What Do I See How Home Prices Will Go?

Another way to ask this question is which one do I think will prevail? Free market force or central bank intervention? It is a tough one. On one hand, you have a giant debt bubble looming after decades of lending imbalance. On the other hand, you have a central bank who can create “unlimited” money supply. So it is really a tough one to predict how home prices will go. If I have to guess, I will say that the home prices will definitely drop a lot when the debt bubble pops because the effect will be too overwhelmed for the central bank to react in the beginning. But then when central bank eventually figures out how to bail out everyone include everybody’s mortgages, student loan etc. using money created out of thin air, home prices are likely to increase back up or even higher. If that’s the case, we are looking a serious possibility of hyperinflation, where everyone can be a millionaire, but a million dollar can’t even buy you a loaf of bread.

Are There Any Biblical Reference On The Future of Home Markets?

As you know, this website doesn’t just talk about opinions, we also talk about the Gospel and the Word of God in the Bible because it is the absolute Truth and the only thing that 100% counts. So our discussion about home prices can never be completed without mentioning what Bible has to say. While there isn’t a specific reference regarding home markets and values in the Bible, there are descriptions about the economic situation during the endtime which can give us a clue or two. One of them is in Revelation 6:5-6:

When the Lamb opened the third seal, I heard the third living creature say, ‘Come!’ I looked, and there before me was a black horse! Its rider was holding a pair of scales in his hands.
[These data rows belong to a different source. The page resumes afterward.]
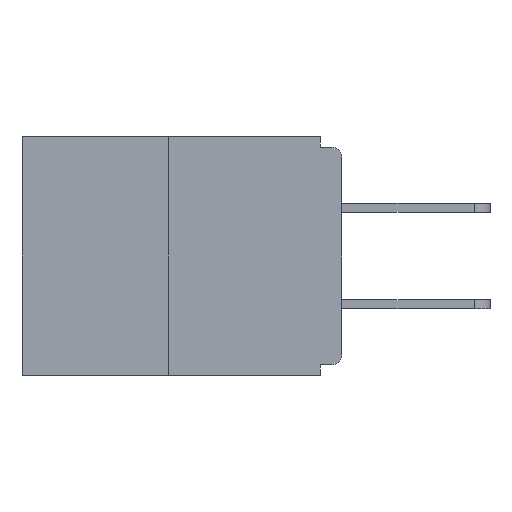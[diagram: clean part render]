
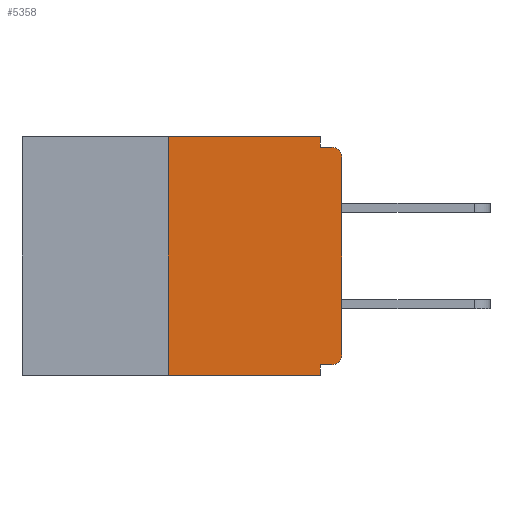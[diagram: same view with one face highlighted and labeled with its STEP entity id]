
A CAD part, left-side view. The second image highlights one B-rep face of the part: STEP entity #5358.
In plain terms, the highlighted planar face has unit normal (-1, 0, 0).
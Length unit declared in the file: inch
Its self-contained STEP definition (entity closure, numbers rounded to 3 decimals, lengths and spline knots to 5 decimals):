
#258 = CARTESIAN_POINT ( 'NONE',  ( 0., 0.015, -0.313 ) ) ;
#773 = CARTESIAN_POINT ( 'NONE',  ( 0., 0.015, -0.03 ) ) ;
#1032 = CARTESIAN_POINT ( 'NONE',  ( 0., 0.25, 0. ) ) ;
#1741 = CIRCLE ( 'NONE', #4475, 0.015 ) ;
#1855 = ORIENTED_EDGE ( 'NONE', *, *, #21075, .T. ) ;
#1964 = VERTEX_POINT ( 'NONE', #4230 ) ;
#2282 = EDGE_CURVE ( 'NONE', #5649, #17291, #7638, .T. ) ;
#2810 = DIRECTION ( 'NONE',  ( 0., 0., -1. ) ) ;
#3019 = EDGE_CURVE ( 'NONE', #5649, #5632, #15745, .T. ) ;
#3446 = LINE ( 'NONE', #15763, #21740 ) ;
#4028 = ORIENTED_EDGE ( 'NONE', *, *, #3019, .T. ) ;
#4230 = CARTESIAN_POINT ( 'NONE',  ( 0., 0.25, -0.343 ) ) ;
#4447 = EDGE_CURVE ( 'NONE', #27520, #24927, #3446, .T. ) ;
#4457 = VECTOR ( 'NONE', #14565, 39.37008 ) ;
#4475 = AXIS2_PLACEMENT_3D ( 'NONE', #773, #13492, #2810 ) ;
#5358 = ADVANCED_FACE ( 'NONE', ( #20324 ), #23048, .F. ) ;
#5466 = LINE ( 'NONE', #10211, #4457 ) ;
#5632 = VERTEX_POINT ( 'NONE', #24590 ) ;
#5649 = VERTEX_POINT ( 'NONE', #11958 ) ;
#5877 = VERTEX_POINT ( 'NONE', #26552 ) ;
#6061 = CARTESIAN_POINT ( 'NONE',  ( 0., 0.015, -0.015 ) ) ;
#6991 = DIRECTION ( 'NONE',  ( 0., -1., 0. ) ) ;
#7638 = LINE ( 'NONE', #8030, #15434 ) ;
#7685 = EDGE_CURVE ( 'NONE', #20187, #27520, #12648, .T. ) ;
#8030 = CARTESIAN_POINT ( 'NONE',  ( 0., 0., -0.328 ) ) ;
#8081 = DIRECTION ( 'NONE',  ( 0., 0., -1. ) ) ;
#8493 = VECTOR ( 'NONE', #21174, 39.37008 ) ;
#8697 = LINE ( 'NONE', #19182, #28055 ) ;
#8937 = AXIS2_PLACEMENT_3D ( 'NONE', #27424, #18880, #8081 ) ;
#9141 = LINE ( 'NONE', #14542, #8493 ) ;
#9196 = EDGE_CURVE ( 'NONE', #5632, #9414, #9141, .T. ) ;
#9414 = VERTEX_POINT ( 'NONE', #19347 ) ;
#9563 = CARTESIAN_POINT ( 'NONE',  ( 0., 0.031, -0.328 ) ) ;
#10211 = CARTESIAN_POINT ( 'NONE',  ( 0., 0.031, -0.343 ) ) ;
#11221 = DIRECTION ( 'NONE',  ( 0., 0., -1. ) ) ;
#11296 = VECTOR ( 'NONE', #13720, 39.37008 ) ;
#11958 = CARTESIAN_POINT ( 'NONE',  ( 0., 0.015, -0.328 ) ) ;
#12648 = LINE ( 'NONE', #24519, #11296 ) ;
#13492 = DIRECTION ( 'NONE',  ( -1., 0., 0. ) ) ;
#13720 = DIRECTION ( 'NONE',  ( 0., 0., -1. ) ) ;
#14032 = AXIS2_PLACEMENT_3D ( 'NONE', #258, #17088, #11221 ) ;
#14382 = LINE ( 'NONE', #15733, #19473 ) ;
#14542 = CARTESIAN_POINT ( 'NONE',  ( 0., 0., 0. ) ) ;
#14565 = DIRECTION ( 'NONE',  ( 0., 0., -1. ) ) ;
#15200 = DIRECTION ( 'NONE',  ( 0., -1., 0. ) ) ;
#15434 = VECTOR ( 'NONE', #21096, 39.37008 ) ;
#15733 = CARTESIAN_POINT ( 'NONE',  ( 0., 0.46, 0. ) ) ;
#15745 = CIRCLE ( 'NONE', #14032, 0.015 ) ;
#15763 = CARTESIAN_POINT ( 'NONE',  ( 0., 0., -0.015 ) ) ;
#15872 = CARTESIAN_POINT ( 'NONE',  ( 0., 0.031, 0. ) ) ;
#15927 = CARTESIAN_POINT ( 'NONE',  ( 0., 0.031, -0.015 ) ) ;
#15960 = DIRECTION ( 'NONE',  ( 0., 0., 1. ) ) ;
#16041 = DIRECTION ( 'NONE',  ( 0., -1., 0. ) ) ;
#17002 = VECTOR ( 'NONE', #15960, 39.37008 ) ;
#17069 = ORIENTED_EDGE ( 'NONE', *, *, #4447, .F. ) ;
#17088 = DIRECTION ( 'NONE',  ( -1., 0., 0. ) ) ;
#17291 = VERTEX_POINT ( 'NONE', #9563 ) ;
#18297 = EDGE_LOOP ( 'NONE', ( #27267, #26609, #1855, #25134, #21194, #4028, #26937, #27598, #17069, #22931 ) ) ;
#18803 = EDGE_CURVE ( 'NONE', #9414, #24927, #1741, .T. ) ;
#18880 = DIRECTION ( 'NONE',  ( 1., 0., 0. ) ) ;
#19182 = CARTESIAN_POINT ( 'NONE',  ( 0., 0.46, -0.343 ) ) ;
#19347 = CARTESIAN_POINT ( 'NONE',  ( 0., 0., -0.03 ) ) ;
#19473 = VECTOR ( 'NONE', #6991, 39.37008 ) ;
#20187 = VERTEX_POINT ( 'NONE', #15872 ) ;
#20324 = FACE_OUTER_BOUND ( 'NONE', #18297, .T. ) ;
#21075 = EDGE_CURVE ( 'NONE', #1964, #5877, #8697, .T. ) ;
#21096 = DIRECTION ( 'NONE',  ( 0., 1., 0. ) ) ;
#21174 = DIRECTION ( 'NONE',  ( 0., 0., 1. ) ) ;
#21194 = ORIENTED_EDGE ( 'NONE', *, *, #2282, .F. ) ;
#21740 = VECTOR ( 'NONE', #16041, 39.37008 ) ;
#22564 = EDGE_CURVE ( 'NONE', #27783, #20187, #14382, .T. ) ;
#22931 = ORIENTED_EDGE ( 'NONE', *, *, #7685, .F. ) ;
#23048 = PLANE ( 'NONE',  #8937 ) ;
#23184 = CARTESIAN_POINT ( 'NONE',  ( 0., 0.25, 0. ) ) ;
#23433 = LINE ( 'NONE', #1032, #17002 ) ;
#24014 = EDGE_CURVE ( 'NONE', #1964, #27783, #23433, .T. ) ;
#24519 = CARTESIAN_POINT ( 'NONE',  ( 0., 0.031, 0. ) ) ;
#24590 = CARTESIAN_POINT ( 'NONE',  ( 0., 0., -0.313 ) ) ;
#24927 = VERTEX_POINT ( 'NONE', #6061 ) ;
#25134 = ORIENTED_EDGE ( 'NONE', *, *, #25273, .F. ) ;
#25273 = EDGE_CURVE ( 'NONE', #17291, #5877, #5466, .T. ) ;
#26552 = CARTESIAN_POINT ( 'NONE',  ( 0., 0.031, -0.343 ) ) ;
#26609 = ORIENTED_EDGE ( 'NONE', *, *, #24014, .F. ) ;
#26937 = ORIENTED_EDGE ( 'NONE', *, *, #9196, .T. ) ;
#27267 = ORIENTED_EDGE ( 'NONE', *, *, #22564, .F. ) ;
#27424 = CARTESIAN_POINT ( 'NONE',  ( 0., 0.46, 0. ) ) ;
#27520 = VERTEX_POINT ( 'NONE', #15927 ) ;
#27598 = ORIENTED_EDGE ( 'NONE', *, *, #18803, .T. ) ;
#27783 = VERTEX_POINT ( 'NONE', #23184 ) ;
#28055 = VECTOR ( 'NONE', #15200, 39.37008 ) ;

Then I heard what sounded like a voice among the four living creatures, saying, ‘A quart of wheat for a day’s wages, and three quarts of barley for a day’s wages, and do not damage the oil and the wine!” – Revelation 6:5-6

The part that is underlined provides us a pretty good picture of the economy prior to the Second Coming of Jesus Christ. “a quart of wheat” and “a quart of barley” are food. They are our everyday necessities. “A quart of wheat for a day’s wages” means most people have to spend all of their wages on everyday necessities. In other words, people are living paycheck to paycheck and they barely make ends meet. This is most likely the depict of an inflationary economy where wages stay relatively stagnant compared to all the rising costs around us. In addition, “oil” and “wine” are not everyday necessities, they are luxury. The represent the riches. “do not damage the oil and the wine” would mean that rich people wouldn’t be affected at all. This 2000-year old Bible prophecy could be foretelling us that during the endtime, the wealth gap will increase. The rich will stay rich, the poor will get poorer. Isn’t this what we have now? Well it could get a lot worse.

What does this mean for the home markets? In the near term, it is possible COVID-19 may cause the home prices to drop due to disruption and loss of consumer confidence. But in the longer term, we would still be in inflationary environment and housing will likely remain a major factor why rich stays rich, and poor becomes poorer.
Thank you for reading. God bless you all!